Double Crowns were bought in quantity by
the theaters and used to distribute around the community in shops and put
up in well populate areas such as bus and train stations. Double Crowns
were usually only printed by the studio for SOME major films. Other times
the studio, quite often, would make cheaper one or two colour versions available
in what was called a letterpress poster.
NOTICE: here is an ad that was in a 1939
British pressbook for theater managers to purchase. The pressbook was sent
out just before the war and the paper shortages:
the last few decades, the letterpress versions seem to have disappeared
and the studio printed versions have remained. Even though there has been
some unusual promotions with the Double Crown...
NOTICE: The thunderball teaser poster on
the left was taken out of the Thunderball pressbook. 2 different Quads were
issued, the teaser (shown here) and the regular.
BUT there were no Double Crown's sold to
theater in the promotions. Instead the pressbook gives instructions to the
theater manager to 'CUT' the teaser poster into pieces to make a variety
of Double Crowns and shows 6 different Double Crown posters that can be
made from cutting the teaser poster. NOTICE the clip taken from the pressbook:
Since you could only make 2 with a teaser
poster, I guess the idea was to sell multiple teaser posters to the theater
manager. I don't think this promotion was very successful.
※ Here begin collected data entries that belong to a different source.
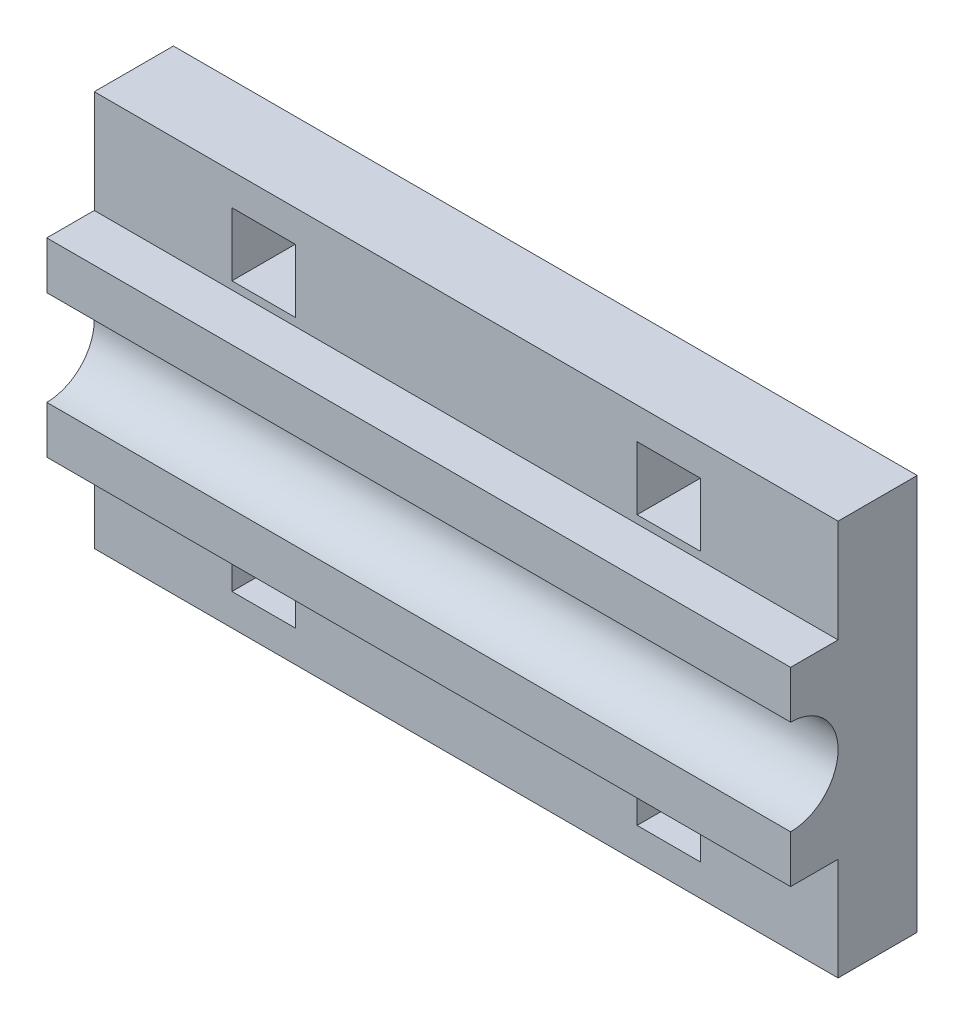
ISO-10303-21;
HEADER;
FILE_DESCRIPTION(('STEP AP214'),'2;1');
FILE_NAME('part.step','',(''),(''),'','','');
FILE_SCHEMA(('AUTOMOTIVE_DESIGN { 1 0 10303 214 1 1 1 1 }'));
ENDSEC;
DATA;
#1=APPLICATION_CONTEXT('core data for automotive mechanical design processes');
#2=APPLICATION_PROTOCOL_DEFINITION('international standard','automotive_design',2000,#1);
#3=PRODUCT_CONTEXT('',#1,'mechanical');
#4=PRODUCT('Part','Part','',(#3));
#5=PRODUCT_RELATED_PRODUCT_CATEGORY('part','',(#4));
#6=PRODUCT_DEFINITION_FORMATION('','',#4);
#7=PRODUCT_DEFINITION_CONTEXT('part definition',#1,'design');
#8=PRODUCT_DEFINITION('design','',#6,#7);
#9=PRODUCT_DEFINITION_SHAPE('','',#8);
#10=(LENGTH_UNIT() NAMED_UNIT(*) SI_UNIT(.MILLI.,.METRE.));
#11=(NAMED_UNIT(*) PLANE_ANGLE_UNIT() SI_UNIT($,.RADIAN.));
#12=(NAMED_UNIT(*) SI_UNIT($,.STERADIAN.) SOLID_ANGLE_UNIT());
#13=UNCERTAINTY_MEASURE_WITH_UNIT(LENGTH_MEASURE(1.E-05),#10,'distance_accuracy_value','');
#14=(GEOMETRIC_REPRESENTATION_CONTEXT(3) GLOBAL_UNCERTAINTY_ASSIGNED_CONTEXT((#13)) GLOBAL_UNIT_ASSIGNED_CONTEXT((#10,
#11,#12)) REPRESENTATION_CONTEXT('',''));
#15=CARTESIAN_POINT('',(0.,0.,0.));
#16=DIRECTION('',(0.,0.,1.));
#17=DIRECTION('',(1.,0.,0.));
#18=AXIS2_PLACEMENT_3D('',#15,#16,#17);
#19=CARTESIAN_POINT('',(0.,0.,8.));
#20=DIRECTION('',(0.,0.,-1.));
#21=DIRECTION('',(-1.,0.,0.));
#22=AXIS2_PLACEMENT_3D('',#19,#20,#21);
#23=PLANE('',#22);
#24=DIRECTION('',(0.,-1.,0.));
#25=VECTOR('',#24,1.);
#26=CARTESIAN_POINT('',(-36.,-13.5,8.));
#27=LINE('',#26,#25);
#28=CARTESIAN_POINT('',(-36.,-1.5,8.));
#29=VERTEX_POINT('',#28);
#30=CARTESIAN_POINT('',(-36.,-4.5,8.));
#31=VERTEX_POINT('',#30);
#32=EDGE_CURVE('E216',#29,#31,#27,.T.);
#33=ORIENTED_EDGE('',*,*,#32,.T.);
#34=DIRECTION('',(1.,0.,0.));
#35=VECTOR('',#34,1.);
#36=CARTESIAN_POINT('',(-52.,-4.5,8.));
#37=LINE('',#36,#35);
#38=CARTESIAN_POINT('',(11.,-4.5,8.));
#39=VERTEX_POINT('',#38);
#40=EDGE_CURVE('E11',#31,#39,#37,.T.);
#41=ORIENTED_EDGE('',*,*,#40,.T.);
#42=DIRECTION('',(0.,1.,0.));
#43=VECTOR('',#42,1.);
#44=CARTESIAN_POINT('',(11.,-13.5,8.));
#45=LINE('',#44,#43);
#46=CARTESIAN_POINT('',(11.,-1.5,8.));
#47=VERTEX_POINT('',#46);
#48=EDGE_CURVE('E213',#39,#47,#45,.T.);
#49=ORIENTED_EDGE('',*,*,#48,.T.);
#50=DIRECTION('',(-1.,0.,0.));
#51=VECTOR('',#50,1.);
#52=CARTESIAN_POINT('',(-36.,-1.5,8.));
#53=LINE('',#52,#51);
#54=EDGE_CURVE('E224',#47,#29,#53,.T.);
#55=ORIENTED_EDGE('',*,*,#54,.T.);
#56=EDGE_LOOP('',(#33,#41,#49,#55));
#57=FACE_BOUND('',#56,.T.);
#58=ADVANCED_FACE('F33',(#57),#23,.F.);
#59=CARTESIAN_POINT('',(0.,0.,5.));
#60=DIRECTION('',(0.,0.,1.));
#61=DIRECTION('',(1.,0.,0.));
#62=AXIS2_PLACEMENT_3D('',#59,#60,#61);
#63=PLANE('',#62);
#64=DIRECTION('',(-1.,0.,0.));
#65=VECTOR('',#64,1.);
#66=CARTESIAN_POINT('',(-36.,-1.5,5.));
#67=LINE('',#66,#65);
#68=CARTESIAN_POINT('',(11.,-1.5,5.));
#69=VERTEX_POINT('',#68);
#70=CARTESIAN_POINT('',(-36.,-1.5,5.));
#71=VERTEX_POINT('',#70);
#72=EDGE_CURVE('E56',#69,#71,#67,.T.);
#73=ORIENTED_EDGE('',*,*,#72,.F.);
#74=DIRECTION('',(0.,1.,0.));
#75=VECTOR('',#74,1.);
#76=CARTESIAN_POINT('',(11.,-20.,5.));
#77=LINE('',#76,#75);
#78=CARTESIAN_POINT('',(11.,5.,5.));
#79=VERTEX_POINT('',#78);
#80=EDGE_CURVE('E382',#69,#79,#77,.T.);
#81=ORIENTED_EDGE('',*,*,#80,.T.);
#82=DIRECTION('',(-1.,0.,0.));
#83=VECTOR('',#82,1.);
#84=CARTESIAN_POINT('',(11.,5.,5.));
#85=LINE('',#84,#83);
#86=CARTESIAN_POINT('',(-36.,4.99999999999999,5.));
#87=VERTEX_POINT('',#86);
#88=EDGE_CURVE('E373',#79,#87,#85,.T.);
#89=ORIENTED_EDGE('',*,*,#88,.T.);
#90=DIRECTION('',(0.,-1.,0.));
#91=VECTOR('',#90,1.);
#92=CARTESIAN_POINT('',(-36.,4.99999999999999,5.));
#93=LINE('',#92,#91);
#94=EDGE_CURVE('E378',#87,#71,#93,.T.);
#95=ORIENTED_EDGE('',*,*,#94,.T.);
#96=EDGE_LOOP('',(#73,#81,#89,#95));
#97=FACE_BOUND('',#96,.T.);
#98=DIRECTION('',(0.,1.,0.));
#99=VECTOR('',#98,1.);
#100=CARTESIAN_POINT('',(2.3,3.,5.));
#101=LINE('',#100,#99);
#102=CARTESIAN_POINT('',(2.3,-1.00000000000001,5.));
#103=VERTEX_POINT('',#102);
#104=CARTESIAN_POINT('',(2.3,3.,5.));
#105=VERTEX_POINT('',#104);
#106=EDGE_CURVE('E293',#103,#105,#101,.T.);
#107=ORIENTED_EDGE('',*,*,#106,.F.);
#108=DIRECTION('',(1.,0.,0.));
#109=VECTOR('',#108,1.);
#110=CARTESIAN_POINT('',(2.3,-1.00000000000001,5.));
#111=LINE('',#110,#109);
#112=CARTESIAN_POINT('',(-1.7,-1.,5.));
#113=VERTEX_POINT('',#112);
#114=EDGE_CURVE('E283',#113,#103,#111,.T.);
#115=ORIENTED_EDGE('',*,*,#114,.F.);
#116=DIRECTION('',(0.,-1.,0.));
#117=VECTOR('',#116,1.);
#118=CARTESIAN_POINT('',(-1.7,3.,5.));
#119=LINE('',#118,#117);
#120=CARTESIAN_POINT('',(-1.7,3.,5.));
#121=VERTEX_POINT('',#120);
#122=EDGE_CURVE('E299',#121,#113,#119,.T.);
#123=ORIENTED_EDGE('',*,*,#122,.F.);
#124=DIRECTION('',(-1.,0.,0.));
#125=VECTOR('',#124,1.);
#126=CARTESIAN_POINT('',(2.3,3.,5.));
#127=LINE('',#126,#125);
#128=EDGE_CURVE('E295',#105,#121,#127,.T.);
#129=ORIENTED_EDGE('',*,*,#128,.F.);
#130=EDGE_LOOP('',(#107,#115,#123,#129));
#131=FACE_BOUND('',#130,.T.);
#132=DIRECTION('',(0.,-1.,0.));
#133=VECTOR('',#132,1.);
#134=CARTESIAN_POINT('',(-27.3,3.,5.));
#135=LINE('',#134,#133);
#136=CARTESIAN_POINT('',(-27.3,3.,5.));
#137=VERTEX_POINT('',#136);
#138=CARTESIAN_POINT('',(-27.3,-1.00000000000001,5.));
#139=VERTEX_POINT('',#138);
#140=EDGE_CURVE('E259',#137,#139,#135,.T.);
#141=ORIENTED_EDGE('',*,*,#140,.F.);
#142=DIRECTION('',(-1.,0.,0.));
#143=VECTOR('',#142,1.);
#144=CARTESIAN_POINT('',(-27.3,3.,5.));
#145=LINE('',#144,#143);
#146=CARTESIAN_POINT('',(-23.3,3.,5.));
#147=VERTEX_POINT('',#146);
#148=EDGE_CURVE('E249',#147,#137,#145,.T.);
#149=ORIENTED_EDGE('',*,*,#148,.F.);
#150=DIRECTION('',(0.,1.,0.));
#151=VECTOR('',#150,1.);
#152=CARTESIAN_POINT('',(-23.3,3.,5.));
#153=LINE('',#152,#151);
#154=CARTESIAN_POINT('',(-23.3,-1.,5.));
#155=VERTEX_POINT('',#154);
#156=EDGE_CURVE('E265',#155,#147,#153,.T.);
#157=ORIENTED_EDGE('',*,*,#156,.F.);
#158=DIRECTION('',(1.,0.,0.));
#159=VECTOR('',#158,1.);
#160=CARTESIAN_POINT('',(-27.3,-1.00000000000001,5.));
#161=LINE('',#160,#159);
#162=EDGE_CURVE('E261',#139,#155,#161,.T.);
#163=ORIENTED_EDGE('',*,*,#162,.F.);
#164=EDGE_LOOP('',(#141,#149,#157,#163));
#165=FACE_BOUND('',#164,.T.);
#166=ADVANCED_FACE('F433',(#97,#131,#165),#63,.T.);
#167=CARTESIAN_POINT('',(11.,5.,5.));
#168=DIRECTION('',(0.,-1.,0.));
#169=DIRECTION('',(1.,0.,0.));
#170=AXIS2_PLACEMENT_3D('',#167,#168,#169);
#171=PLANE('',#170);
#172=DIRECTION('',(-1.,0.,0.));
#173=VECTOR('',#172,1.);
#174=CARTESIAN_POINT('',(11.,5.,0.));
#175=LINE('',#174,#173);
#176=CARTESIAN_POINT('',(11.,5.,0.));
#177=VERTEX_POINT('',#176);
#178=CARTESIAN_POINT('',(-36.,4.99999999999999,0.));
#179=VERTEX_POINT('',#178);
#180=EDGE_CURVE('E366',#177,#179,#175,.T.);
#181=ORIENTED_EDGE('',*,*,#180,.T.);
#182=DIRECTION('',(0.,0.,-1.));
#183=VECTOR('',#182,1.);
#184=CARTESIAN_POINT('',(-36.,4.99999999999999,5.));
#185=LINE('',#184,#183);
#186=EDGE_CURVE('E401',#87,#179,#185,.T.);
#187=ORIENTED_EDGE('',*,*,#186,.F.);
#188=ORIENTED_EDGE('',*,*,#88,.F.);
#189=DIRECTION('',(0.,0.,-1.));
#190=VECTOR('',#189,1.);
#191=CARTESIAN_POINT('',(11.,5.,5.));
#192=LINE('',#191,#190);
#193=EDGE_CURVE('E385',#79,#177,#192,.T.);
#194=ORIENTED_EDGE('',*,*,#193,.T.);
#195=EDGE_LOOP('',(#181,#187,#188,#194));
#196=FACE_BOUND('',#195,.T.);
#197=ADVANCED_FACE('F35',(#196),#171,.F.);
#198=CARTESIAN_POINT('',(-36.,4.99999999999999,5.));
#199=DIRECTION('',(1.,0.,0.));
#200=DIRECTION('',(0.,1.,0.));
#201=AXIS2_PLACEMENT_3D('',#198,#199,#200);
#202=PLANE('',#201);
#203=CARTESIAN_POINT('',(-36.,-10.5,8.));
#204=VERTEX_POINT('',#203);
#205=CARTESIAN_POINT('',(-36.,-13.5,8.));
#206=VERTEX_POINT('',#205);
#207=EDGE_CURVE('E234',#204,#206,#27,.T.);
#208=ORIENTED_EDGE('',*,*,#207,.F.);
#209=CARTESIAN_POINT('',(-36.,-7.5,8.));
#210=DIRECTION('',(1.,0.,0.));
#211=DIRECTION('',(0.,1.,0.));
#212=AXIS2_PLACEMENT_3D('',#209,#210,#211);
#213=CIRCLE('',#212,3.);
#214=EDGE_CURVE('E48',#204,#31,#213,.T.);
#215=ORIENTED_EDGE('',*,*,#214,.T.);
#216=ORIENTED_EDGE('',*,*,#32,.F.);
#217=DIRECTION('',(0.,0.,-1.));
#218=VECTOR('',#217,1.);
#219=CARTESIAN_POINT('',(-36.,-1.5,8.));
#220=LINE('',#219,#218);
#221=EDGE_CURVE('E229',#29,#71,#220,.T.);
#222=ORIENTED_EDGE('',*,*,#221,.T.);
#223=ORIENTED_EDGE('',*,*,#94,.F.);
#224=ORIENTED_EDGE('',*,*,#186,.T.);
#225=DIRECTION('',(0.,-1.,0.));
#226=VECTOR('',#225,1.);
#227=CARTESIAN_POINT('',(-36.,4.99999999999999,0.));
#228=LINE('',#227,#226);
#229=CARTESIAN_POINT('',(-36.,-20.,0.));
#230=VERTEX_POINT('',#229);
#231=EDGE_CURVE('E388',#179,#230,#228,.T.);
#232=ORIENTED_EDGE('',*,*,#231,.T.);
#233=DIRECTION('',(0.,0.,-1.));
#234=VECTOR('',#233,1.);
#235=CARTESIAN_POINT('',(-36.,-20.,5.));
#236=LINE('',#235,#234);
#237=CARTESIAN_POINT('',(-36.,-20.,5.));
#238=VERTEX_POINT('',#237);
#239=EDGE_CURVE('E398',#238,#230,#236,.T.);
#240=ORIENTED_EDGE('',*,*,#239,.F.);
#241=CARTESIAN_POINT('',(-36.,-13.5,5.));
#242=VERTEX_POINT('',#241);
#243=EDGE_CURVE('E376',#242,#238,#93,.T.);
#244=ORIENTED_EDGE('',*,*,#243,.F.);
#245=DIRECTION('',(0.,0.,-1.));
#246=VECTOR('',#245,1.);
#247=CARTESIAN_POINT('',(-36.,-13.5,8.));
#248=LINE('',#247,#246);
#249=EDGE_CURVE('E241',#206,#242,#248,.T.);
#250=ORIENTED_EDGE('',*,*,#249,.F.);
#251=EDGE_LOOP('',(#208,#215,#216,#222,#223,#224,#232,#240,#244,#250));
#252=FACE_BOUND('',#251,.T.);
#253=ADVANCED_FACE('F409',(#252),#202,.F.);
#254=CARTESIAN_POINT('',(-36.,-20.,5.));
#255=DIRECTION('',(0.,1.,0.));
#256=DIRECTION('',(-1.,0.,0.));
#257=AXIS2_PLACEMENT_3D('',#254,#255,#256);
#258=PLANE('',#257);
#259=DIRECTION('',(1.,0.,0.));
#260=VECTOR('',#259,1.);
#261=CARTESIAN_POINT('',(-36.,-20.,0.));
#262=LINE('',#261,#260);
#263=CARTESIAN_POINT('',(11.,-20.,0.));
#264=VERTEX_POINT('',#263);
#265=EDGE_CURVE('E390',#230,#264,#262,.T.);
#266=ORIENTED_EDGE('',*,*,#265,.T.);
#267=DIRECTION('',(0.,0.,-1.));
#268=VECTOR('',#267,1.);
#269=CARTESIAN_POINT('',(11.,-20.,5.));
#270=LINE('',#269,#268);
#271=CARTESIAN_POINT('',(11.,-20.,5.));
#272=VERTEX_POINT('',#271);
#273=EDGE_CURVE('E395',#272,#264,#270,.T.);
#274=ORIENTED_EDGE('',*,*,#273,.F.);
#275=DIRECTION('',(1.,0.,0.));
#276=VECTOR('',#275,1.);
#277=CARTESIAN_POINT('',(-36.,-20.,5.));
#278=LINE('',#277,#276);
#279=EDGE_CURVE('E380',#238,#272,#278,.T.);
#280=ORIENTED_EDGE('',*,*,#279,.F.);
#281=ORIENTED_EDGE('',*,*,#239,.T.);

COLLECTOR'S NOTICE: There is also another
issue that has to be considered.
often, major films got plenty of advertising material in the major
cities, but when it went to the theaters in the rural areas, distributors
would sometimes wait and issue combo posters instead
to save on the advertising budget.
Theater managers that only want to show
one of the features would quite often 'cut' the combo poster in half to
advertise the one that they were showing. For collectors, this creates a
very unusual situation.
A lot of the combo posters are not evenly
divided and are easy to spot, others ARE evenly divided but the promotional
wording doesn't make sense..... like the poster on the left. BUT there are
some that are evenly divided and worded that really make it tough to tell
the difference, like the one on the right.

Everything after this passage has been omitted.